Copy every record exactly as it stands. Leave the pictures out.
*** Data to process Section Begins ***
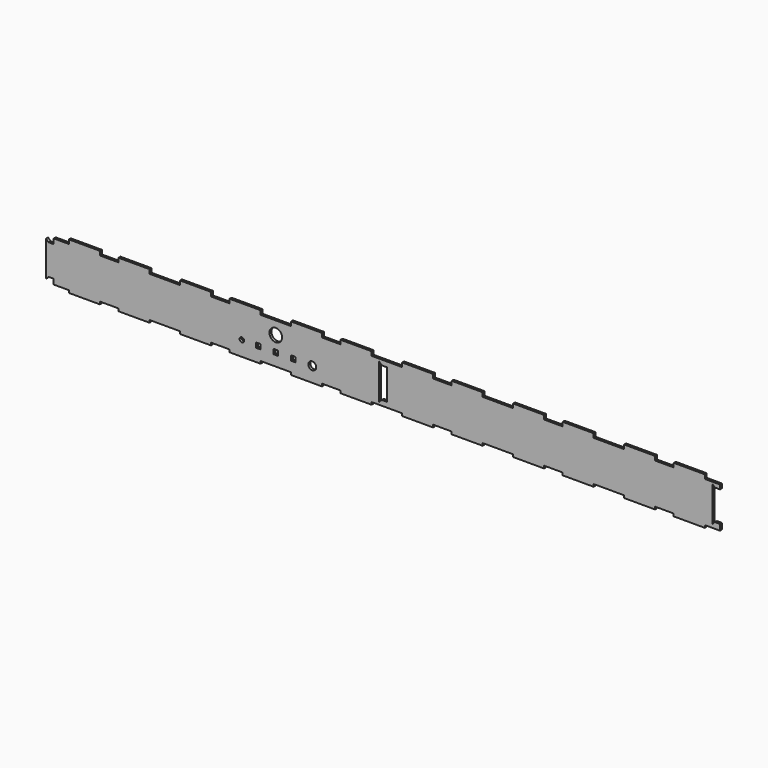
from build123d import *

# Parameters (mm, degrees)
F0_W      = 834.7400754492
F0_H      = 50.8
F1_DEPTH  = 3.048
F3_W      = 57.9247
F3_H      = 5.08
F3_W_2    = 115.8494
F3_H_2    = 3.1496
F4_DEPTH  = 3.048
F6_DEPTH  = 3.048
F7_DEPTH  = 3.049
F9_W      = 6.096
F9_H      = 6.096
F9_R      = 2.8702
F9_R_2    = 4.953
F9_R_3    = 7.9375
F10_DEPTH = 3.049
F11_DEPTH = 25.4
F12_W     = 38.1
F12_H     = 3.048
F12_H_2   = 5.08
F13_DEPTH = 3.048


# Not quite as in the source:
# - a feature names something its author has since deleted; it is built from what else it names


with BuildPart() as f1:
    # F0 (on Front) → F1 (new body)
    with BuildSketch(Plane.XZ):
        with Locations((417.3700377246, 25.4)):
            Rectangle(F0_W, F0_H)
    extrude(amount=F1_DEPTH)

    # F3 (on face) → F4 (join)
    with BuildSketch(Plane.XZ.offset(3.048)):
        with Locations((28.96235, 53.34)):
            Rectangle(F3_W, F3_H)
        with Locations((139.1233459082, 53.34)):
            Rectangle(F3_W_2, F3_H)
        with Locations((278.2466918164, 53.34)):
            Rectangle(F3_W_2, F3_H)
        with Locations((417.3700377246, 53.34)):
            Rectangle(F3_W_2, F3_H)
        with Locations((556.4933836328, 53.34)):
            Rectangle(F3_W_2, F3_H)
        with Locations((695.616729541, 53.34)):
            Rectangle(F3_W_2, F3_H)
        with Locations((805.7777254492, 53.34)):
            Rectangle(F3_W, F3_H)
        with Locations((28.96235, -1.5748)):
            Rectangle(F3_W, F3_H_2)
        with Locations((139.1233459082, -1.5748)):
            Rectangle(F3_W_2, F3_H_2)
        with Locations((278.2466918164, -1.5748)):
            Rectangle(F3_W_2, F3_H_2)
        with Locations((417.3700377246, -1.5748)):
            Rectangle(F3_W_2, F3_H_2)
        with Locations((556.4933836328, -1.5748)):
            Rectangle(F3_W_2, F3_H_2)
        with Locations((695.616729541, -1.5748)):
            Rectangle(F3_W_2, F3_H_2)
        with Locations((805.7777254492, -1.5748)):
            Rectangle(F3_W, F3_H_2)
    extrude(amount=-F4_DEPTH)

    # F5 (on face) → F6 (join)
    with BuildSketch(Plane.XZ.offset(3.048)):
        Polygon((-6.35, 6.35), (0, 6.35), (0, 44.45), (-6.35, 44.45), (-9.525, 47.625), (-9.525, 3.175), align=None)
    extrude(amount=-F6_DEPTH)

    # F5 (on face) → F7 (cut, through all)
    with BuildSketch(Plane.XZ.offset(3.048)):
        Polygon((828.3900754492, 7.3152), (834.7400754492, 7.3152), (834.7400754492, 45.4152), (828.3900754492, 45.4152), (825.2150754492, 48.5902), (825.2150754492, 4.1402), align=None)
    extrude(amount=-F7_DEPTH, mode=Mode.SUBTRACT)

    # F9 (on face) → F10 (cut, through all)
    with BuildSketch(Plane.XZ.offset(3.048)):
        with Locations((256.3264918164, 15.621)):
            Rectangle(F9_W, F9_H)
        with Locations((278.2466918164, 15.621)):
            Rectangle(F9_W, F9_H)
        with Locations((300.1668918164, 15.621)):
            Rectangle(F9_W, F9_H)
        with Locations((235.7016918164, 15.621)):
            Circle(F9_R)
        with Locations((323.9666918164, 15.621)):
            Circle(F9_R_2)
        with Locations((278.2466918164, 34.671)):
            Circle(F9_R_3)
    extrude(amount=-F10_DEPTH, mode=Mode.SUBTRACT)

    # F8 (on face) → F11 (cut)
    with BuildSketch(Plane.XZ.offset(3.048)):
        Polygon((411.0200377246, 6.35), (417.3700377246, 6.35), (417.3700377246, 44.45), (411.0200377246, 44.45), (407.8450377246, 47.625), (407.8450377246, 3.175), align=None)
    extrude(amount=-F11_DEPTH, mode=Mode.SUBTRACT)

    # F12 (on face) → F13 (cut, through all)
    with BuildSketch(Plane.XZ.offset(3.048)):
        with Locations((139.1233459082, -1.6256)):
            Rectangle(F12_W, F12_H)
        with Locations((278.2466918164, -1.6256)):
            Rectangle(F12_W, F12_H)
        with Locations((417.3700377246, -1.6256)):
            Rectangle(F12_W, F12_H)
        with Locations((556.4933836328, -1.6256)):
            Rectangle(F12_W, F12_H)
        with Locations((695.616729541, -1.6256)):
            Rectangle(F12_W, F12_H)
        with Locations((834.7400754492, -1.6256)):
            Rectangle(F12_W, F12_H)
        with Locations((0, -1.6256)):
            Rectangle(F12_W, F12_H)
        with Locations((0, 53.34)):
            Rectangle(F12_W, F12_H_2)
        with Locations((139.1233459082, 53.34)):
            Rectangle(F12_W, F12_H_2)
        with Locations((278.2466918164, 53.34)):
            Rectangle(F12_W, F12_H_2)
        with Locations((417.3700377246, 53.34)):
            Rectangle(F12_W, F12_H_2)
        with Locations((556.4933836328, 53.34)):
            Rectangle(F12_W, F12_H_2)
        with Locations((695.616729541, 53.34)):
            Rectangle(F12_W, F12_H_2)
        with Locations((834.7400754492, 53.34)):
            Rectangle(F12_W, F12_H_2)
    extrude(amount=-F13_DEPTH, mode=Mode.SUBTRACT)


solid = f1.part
*** Data to process Section Ends ***
_Task answer_
from build123d import *

# Parameters (mm, degrees)
F0_W      = 834.7400754492
F0_H      = 50.8
F1_DEPTH  = 3.048
F3_W      = 57.9247
F3_H      = 5.08
F3_W_2    = 115.8494
F3_H_2    = 3.1496
F4_DEPTH  = 3.048
F6_DEPTH  = 3.048
F7_DEPTH  = 3.049
F9_W      = 6.096
F9_H      = 6.096
F9_R      = 2.8702
F9_R_2    = 4.953
F9_R_3    = 7.9375
F10_DEPTH = 3.049
F11_DEPTH = 25.4
F12_W     = 38.1
F12_H     = 3.048
F12_H_2   = 5.08
F13_DEPTH = 3.048


# Not quite as in the source:
# - a feature names something its author has since deleted; it is built from what else it names


with BuildPart() as f1:
    # F0 (on Front) → F1 (new body)
    with BuildSketch(Plane.XZ):
        with Locations((417.3700377246, 25.4)):
            Rectangle(F0_W, F0_H)
    extrude(amount=F1_DEPTH)

    # F3 (on face) → F4 (join)
    with BuildSketch(Plane.XZ.offset(3.048)):
        with Locations((28.96235, 53.34)):
            Rectangle(F3_W, F3_H)
        with Locations((139.1233459082, 53.34)):
            Rectangle(F3_W_2, F3_H)
        with Locations((278.2466918164, 53.34)):
            Rectangle(F3_W_2, F3_H)
        with Locations((417.3700377246, 53.34)):
            Rectangle(F3_W_2, F3_H)
        with Locations((556.4933836328, 53.34)):
            Rectangle(F3_W_2, F3_H)
        with Locations((695.616729541, 53.34)):
            Rectangle(F3_W_2, F3_H)
        with Locations((805.7777254492, 53.34)):
            Rectangle(F3_W, F3_H)
        with Locations((28.96235, -1.5748)):
            Rectangle(F3_W, F3_H_2)
        with Locations((139.1233459082, -1.5748)):
            Rectangle(F3_W_2, F3_H_2)
        with Locations((278.2466918164, -1.5748)):
            Rectangle(F3_W_2, F3_H_2)
        with Locations((417.3700377246, -1.5748)):
            Rectangle(F3_W_2, F3_H_2)
        with Locations((556.4933836328, -1.5748)):
            Rectangle(F3_W_2, F3_H_2)
        with Locations((695.616729541, -1.5748)):
            Rectangle(F3_W_2, F3_H_2)
        with Locations((805.7777254492, -1.5748)):
            Rectangle(F3_W, F3_H_2)
    extrude(amount=-F4_DEPTH)

    # F5 (on face) → F6 (join)
    with BuildSketch(Plane.XZ.offset(3.048)):
        Polygon((-6.35, 6.35), (0, 6.35), (0, 44.45), (-6.35, 44.45), (-9.525, 47.625), (-9.525, 3.175), align=None)
    extrude(amount=-F6_DEPTH)

    # F5 (on face) → F7 (cut, through all)
    with BuildSketch(Plane.XZ.offset(3.048)):
        Polygon((828.3900754492, 7.3152), (834.7400754492, 7.3152), (834.7400754492, 45.4152), (828.3900754492, 45.4152), (825.2150754492, 48.5902), (825.2150754492, 4.1402), align=None)
    extrude(amount=-F7_DEPTH, mode=Mode.SUBTRACT)

    # F9 (on face) → F10 (cut, through all)
    with BuildSketch(Plane.XZ.offset(3.048)):
        with Locations((256.3264918164, 15.621)):
            Rectangle(F9_W, F9_H)
        with Locations((278.2466918164, 15.621)):
            Rectangle(F9_W, F9_H)
        with Locations((300.1668918164, 15.621)):
            Rectangle(F9_W, F9_H)
        with Locations((235.7016918164, 15.621)):
            Circle(F9_R)
        with Locations((323.9666918164, 15.621)):
            Circle(F9_R_2)
        with Locations((278.2466918164, 34.671)):
            Circle(F9_R_3)
    extrude(amount=-F10_DEPTH, mode=Mode.SUBTRACT)

    # F8 (on face) → F11 (cut)
    with BuildSketch(Plane.XZ.offset(3.048)):
        Polygon((411.0200377246, 6.35), (417.3700377246, 6.35), (417.3700377246, 44.45), (411.0200377246, 44.45), (407.8450377246, 47.625), (407.8450377246, 3.175), align=None)
    extrude(amount=-F11_DEPTH, mode=Mode.SUBTRACT)

    # F12 (on face) → F13 (cut, through all)
    with BuildSketch(Plane.XZ.offset(3.048)):
        with Locations((139.1233459082, -1.6256)):
            Rectangle(F12_W, F12_H)
        with Locations((278.2466918164, -1.6256)):
            Rectangle(F12_W, F12_H)
        with Locations((417.3700377246, -1.6256)):
            Rectangle(F12_W, F12_H)
        with Locations((556.4933836328, -1.6256)):
            Rectangle(F12_W, F12_H)
        with Locations((695.616729541, -1.6256)):
            Rectangle(F12_W, F12_H)
        with Locations((834.7400754492, -1.6256)):
            Rectangle(F12_W, F12_H)
        with Locations((0, -1.6256)):
            Rectangle(F12_W, F12_H)
        with Locations((0, 53.34)):
            Rectangle(F12_W, F12_H_2)
        with Locations((139.1233459082, 53.34)):
            Rectangle(F12_W, F12_H_2)
        with Locations((278.2466918164, 53.34)):
            Rectangle(F12_W, F12_H_2)
        with Locations((417.3700377246, 53.34)):
            Rectangle(F12_W, F12_H_2)
        with Locations((556.4933836328, 53.34)):
            Rectangle(F12_W, F12_H_2)
        with Locations((695.616729541, 53.34)):
            Rectangle(F12_W, F12_H_2)
        with Locations((834.7400754492, 53.34)):
            Rectangle(F12_W, F12_H_2)
    extrude(amount=-F13_DEPTH, mode=Mode.SUBTRACT)


solid = f1.part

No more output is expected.